If this evaluation kit does not meet the specifications recited in the DEMO BOARD manual the kit may be returned within 30 days from the date
of delivery for a full refund. THE FOREGOING WARRANTY IS THE EXCLUSIVE WARRANTY MADE BY THE SELLER TO BUYER AND IS IN LIEU
OF ALL OTHER WARRANTIES, EXPRESSED, IMPLIED, OR STATUTORY, INCLUDING ANY WARRANTY OF MERCHANTABILITY OR FITNESS
FOR ANY PARTICULAR PURPOSE. EXCEPT TO THE EXTENT OF THIS INDEMNITY, NEITHER PARTY SHALL BE LIABLE TO THE OTHER FOR
ANY INDIRECT, SPECIAL, INCIDENTAL, OR CONSEQUENTIAL DAMAGES.

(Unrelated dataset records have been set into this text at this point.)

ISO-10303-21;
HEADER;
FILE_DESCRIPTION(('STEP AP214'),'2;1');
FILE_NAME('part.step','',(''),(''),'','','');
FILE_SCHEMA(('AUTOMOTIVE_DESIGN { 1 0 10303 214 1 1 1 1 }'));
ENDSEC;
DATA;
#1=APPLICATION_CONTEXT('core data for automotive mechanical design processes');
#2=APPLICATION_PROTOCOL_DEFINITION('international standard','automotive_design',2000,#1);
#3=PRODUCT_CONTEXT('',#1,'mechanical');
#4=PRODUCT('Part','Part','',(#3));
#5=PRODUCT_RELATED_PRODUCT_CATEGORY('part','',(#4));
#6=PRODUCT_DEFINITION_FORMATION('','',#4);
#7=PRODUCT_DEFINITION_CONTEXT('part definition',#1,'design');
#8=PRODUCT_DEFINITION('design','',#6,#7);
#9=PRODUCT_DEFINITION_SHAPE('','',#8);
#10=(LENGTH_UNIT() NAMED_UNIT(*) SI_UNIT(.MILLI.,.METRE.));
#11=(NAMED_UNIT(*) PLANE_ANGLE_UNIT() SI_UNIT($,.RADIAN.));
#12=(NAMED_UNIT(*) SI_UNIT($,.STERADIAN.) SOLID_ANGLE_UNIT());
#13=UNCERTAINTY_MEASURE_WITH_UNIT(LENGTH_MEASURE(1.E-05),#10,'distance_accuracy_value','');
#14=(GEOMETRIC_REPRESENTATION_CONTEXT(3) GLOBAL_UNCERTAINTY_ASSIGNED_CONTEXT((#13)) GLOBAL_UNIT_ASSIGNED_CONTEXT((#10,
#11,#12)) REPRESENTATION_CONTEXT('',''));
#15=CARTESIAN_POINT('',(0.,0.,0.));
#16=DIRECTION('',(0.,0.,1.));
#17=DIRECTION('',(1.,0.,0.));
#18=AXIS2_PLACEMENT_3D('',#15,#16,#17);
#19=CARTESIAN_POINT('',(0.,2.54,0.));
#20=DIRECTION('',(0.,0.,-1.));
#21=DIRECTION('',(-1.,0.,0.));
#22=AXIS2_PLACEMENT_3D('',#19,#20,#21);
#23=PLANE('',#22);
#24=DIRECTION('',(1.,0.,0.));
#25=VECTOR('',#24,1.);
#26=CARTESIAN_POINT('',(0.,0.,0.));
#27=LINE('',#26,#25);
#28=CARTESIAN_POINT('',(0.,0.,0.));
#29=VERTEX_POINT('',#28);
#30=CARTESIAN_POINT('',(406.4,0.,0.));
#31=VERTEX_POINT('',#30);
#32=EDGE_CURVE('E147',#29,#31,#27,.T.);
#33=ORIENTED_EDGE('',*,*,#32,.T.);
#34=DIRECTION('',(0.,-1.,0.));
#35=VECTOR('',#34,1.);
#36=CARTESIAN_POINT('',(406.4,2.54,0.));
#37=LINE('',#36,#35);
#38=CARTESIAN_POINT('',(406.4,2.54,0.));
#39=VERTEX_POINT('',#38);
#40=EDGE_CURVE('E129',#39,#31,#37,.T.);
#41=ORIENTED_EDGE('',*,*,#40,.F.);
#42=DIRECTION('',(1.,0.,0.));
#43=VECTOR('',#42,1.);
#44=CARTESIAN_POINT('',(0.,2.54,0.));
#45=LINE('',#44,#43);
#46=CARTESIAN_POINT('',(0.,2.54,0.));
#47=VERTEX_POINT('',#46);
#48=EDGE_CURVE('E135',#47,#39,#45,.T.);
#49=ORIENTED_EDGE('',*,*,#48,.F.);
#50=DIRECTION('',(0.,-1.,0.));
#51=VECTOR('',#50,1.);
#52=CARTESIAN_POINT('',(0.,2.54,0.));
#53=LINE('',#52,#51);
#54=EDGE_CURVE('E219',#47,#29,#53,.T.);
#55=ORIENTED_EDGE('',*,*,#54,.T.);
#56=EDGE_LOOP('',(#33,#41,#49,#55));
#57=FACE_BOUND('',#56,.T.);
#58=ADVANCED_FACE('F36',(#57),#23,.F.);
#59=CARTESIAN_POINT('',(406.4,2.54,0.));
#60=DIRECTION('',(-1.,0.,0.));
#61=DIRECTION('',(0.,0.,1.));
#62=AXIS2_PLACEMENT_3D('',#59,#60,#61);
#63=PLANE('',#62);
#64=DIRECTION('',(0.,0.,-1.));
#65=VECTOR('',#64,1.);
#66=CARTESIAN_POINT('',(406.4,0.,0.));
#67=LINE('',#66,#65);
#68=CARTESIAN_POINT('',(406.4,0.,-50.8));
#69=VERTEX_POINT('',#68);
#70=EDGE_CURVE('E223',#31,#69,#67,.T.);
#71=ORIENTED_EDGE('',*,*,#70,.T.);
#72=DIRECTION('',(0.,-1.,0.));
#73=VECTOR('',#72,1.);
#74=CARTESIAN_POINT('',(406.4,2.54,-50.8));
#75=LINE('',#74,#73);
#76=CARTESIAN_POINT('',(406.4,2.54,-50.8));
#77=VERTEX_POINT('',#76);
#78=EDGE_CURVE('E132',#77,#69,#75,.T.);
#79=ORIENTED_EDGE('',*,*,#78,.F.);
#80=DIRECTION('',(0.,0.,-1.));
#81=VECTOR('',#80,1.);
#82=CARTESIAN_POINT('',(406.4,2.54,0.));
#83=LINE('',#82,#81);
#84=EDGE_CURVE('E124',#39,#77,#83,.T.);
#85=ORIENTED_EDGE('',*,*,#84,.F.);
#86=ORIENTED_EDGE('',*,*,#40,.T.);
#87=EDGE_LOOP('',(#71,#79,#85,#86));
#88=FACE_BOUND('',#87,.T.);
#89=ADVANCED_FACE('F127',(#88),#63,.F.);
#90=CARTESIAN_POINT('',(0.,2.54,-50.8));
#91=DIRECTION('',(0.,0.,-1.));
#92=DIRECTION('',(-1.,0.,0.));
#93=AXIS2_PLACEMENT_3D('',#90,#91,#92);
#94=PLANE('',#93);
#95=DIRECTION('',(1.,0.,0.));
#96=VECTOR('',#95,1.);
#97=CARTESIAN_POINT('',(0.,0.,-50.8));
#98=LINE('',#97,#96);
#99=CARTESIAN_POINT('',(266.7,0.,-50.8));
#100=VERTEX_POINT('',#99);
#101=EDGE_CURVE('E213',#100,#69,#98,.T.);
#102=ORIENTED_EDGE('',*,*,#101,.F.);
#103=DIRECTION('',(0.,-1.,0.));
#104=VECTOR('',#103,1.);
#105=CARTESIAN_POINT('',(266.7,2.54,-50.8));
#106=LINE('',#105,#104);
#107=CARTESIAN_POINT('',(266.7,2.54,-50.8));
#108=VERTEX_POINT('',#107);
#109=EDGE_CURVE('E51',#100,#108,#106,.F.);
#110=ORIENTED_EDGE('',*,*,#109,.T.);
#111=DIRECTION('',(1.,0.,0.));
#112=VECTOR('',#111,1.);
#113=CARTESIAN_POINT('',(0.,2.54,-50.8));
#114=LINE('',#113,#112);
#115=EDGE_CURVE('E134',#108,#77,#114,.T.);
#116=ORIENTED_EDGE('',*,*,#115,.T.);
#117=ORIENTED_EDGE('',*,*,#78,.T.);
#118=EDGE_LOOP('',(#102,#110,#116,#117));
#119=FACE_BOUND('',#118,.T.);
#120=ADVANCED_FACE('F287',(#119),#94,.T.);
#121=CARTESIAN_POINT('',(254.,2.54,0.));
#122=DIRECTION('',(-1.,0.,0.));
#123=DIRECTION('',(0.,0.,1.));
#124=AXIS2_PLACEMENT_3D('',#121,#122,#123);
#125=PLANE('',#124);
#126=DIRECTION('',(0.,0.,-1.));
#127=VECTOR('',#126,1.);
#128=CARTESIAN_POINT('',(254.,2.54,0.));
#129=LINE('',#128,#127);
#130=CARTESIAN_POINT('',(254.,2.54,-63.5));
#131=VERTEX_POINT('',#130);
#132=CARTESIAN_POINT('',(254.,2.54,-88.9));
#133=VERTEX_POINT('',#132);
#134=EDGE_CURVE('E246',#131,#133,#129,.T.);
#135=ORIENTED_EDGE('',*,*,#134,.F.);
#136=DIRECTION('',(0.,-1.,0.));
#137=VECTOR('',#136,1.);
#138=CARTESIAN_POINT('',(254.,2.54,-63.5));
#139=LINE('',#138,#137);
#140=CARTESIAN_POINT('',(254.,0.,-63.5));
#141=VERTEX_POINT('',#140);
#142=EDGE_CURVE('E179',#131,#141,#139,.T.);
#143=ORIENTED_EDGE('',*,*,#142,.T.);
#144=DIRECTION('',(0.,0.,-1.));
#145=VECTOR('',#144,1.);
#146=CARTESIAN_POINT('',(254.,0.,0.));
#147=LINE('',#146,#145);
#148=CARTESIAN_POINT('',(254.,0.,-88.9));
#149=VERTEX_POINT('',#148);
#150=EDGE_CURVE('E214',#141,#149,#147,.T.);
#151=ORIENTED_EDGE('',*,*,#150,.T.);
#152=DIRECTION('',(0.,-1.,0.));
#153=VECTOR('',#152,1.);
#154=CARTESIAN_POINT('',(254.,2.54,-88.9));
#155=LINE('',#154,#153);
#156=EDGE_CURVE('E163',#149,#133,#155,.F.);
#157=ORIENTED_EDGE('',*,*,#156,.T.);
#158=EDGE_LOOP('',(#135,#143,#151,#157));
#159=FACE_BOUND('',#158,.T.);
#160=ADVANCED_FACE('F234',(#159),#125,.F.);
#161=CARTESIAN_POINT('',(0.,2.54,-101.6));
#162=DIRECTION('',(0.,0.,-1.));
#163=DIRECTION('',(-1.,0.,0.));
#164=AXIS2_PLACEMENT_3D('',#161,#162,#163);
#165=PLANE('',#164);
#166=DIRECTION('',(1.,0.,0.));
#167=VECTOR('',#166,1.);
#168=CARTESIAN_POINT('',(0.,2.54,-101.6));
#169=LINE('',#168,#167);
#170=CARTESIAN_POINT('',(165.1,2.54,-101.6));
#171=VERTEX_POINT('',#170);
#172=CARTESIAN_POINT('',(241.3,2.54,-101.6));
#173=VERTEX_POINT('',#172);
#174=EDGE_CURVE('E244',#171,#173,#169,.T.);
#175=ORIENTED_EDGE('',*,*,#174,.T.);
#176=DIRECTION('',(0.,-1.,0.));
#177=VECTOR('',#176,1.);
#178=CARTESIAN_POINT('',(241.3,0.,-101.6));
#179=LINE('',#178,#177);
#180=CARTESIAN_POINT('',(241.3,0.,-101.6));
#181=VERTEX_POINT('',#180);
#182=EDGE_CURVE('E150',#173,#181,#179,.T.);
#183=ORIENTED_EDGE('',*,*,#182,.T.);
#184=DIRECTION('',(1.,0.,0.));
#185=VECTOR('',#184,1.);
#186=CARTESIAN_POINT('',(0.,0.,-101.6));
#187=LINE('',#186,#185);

The user assumes all responsibility and liability for proper and safe handling of the goods. Further, the user releases LT C from all claims
arising from the handling or use of the goods. Due to the open construction of the product, it is the user’s responsibility to take any and all
appropriate precautions with regard to electrostatic discharge. Also be aware that the products herein may not be regulatory compliant or
agency certified (FCC, UL, CE, etc.).
No License is granted under any patent right or other intellectual property whatsoever. LT C assumes no liability for applications assistance,
customer product design, software performance, or infringement of patents or any other intellectual property rights of any kind.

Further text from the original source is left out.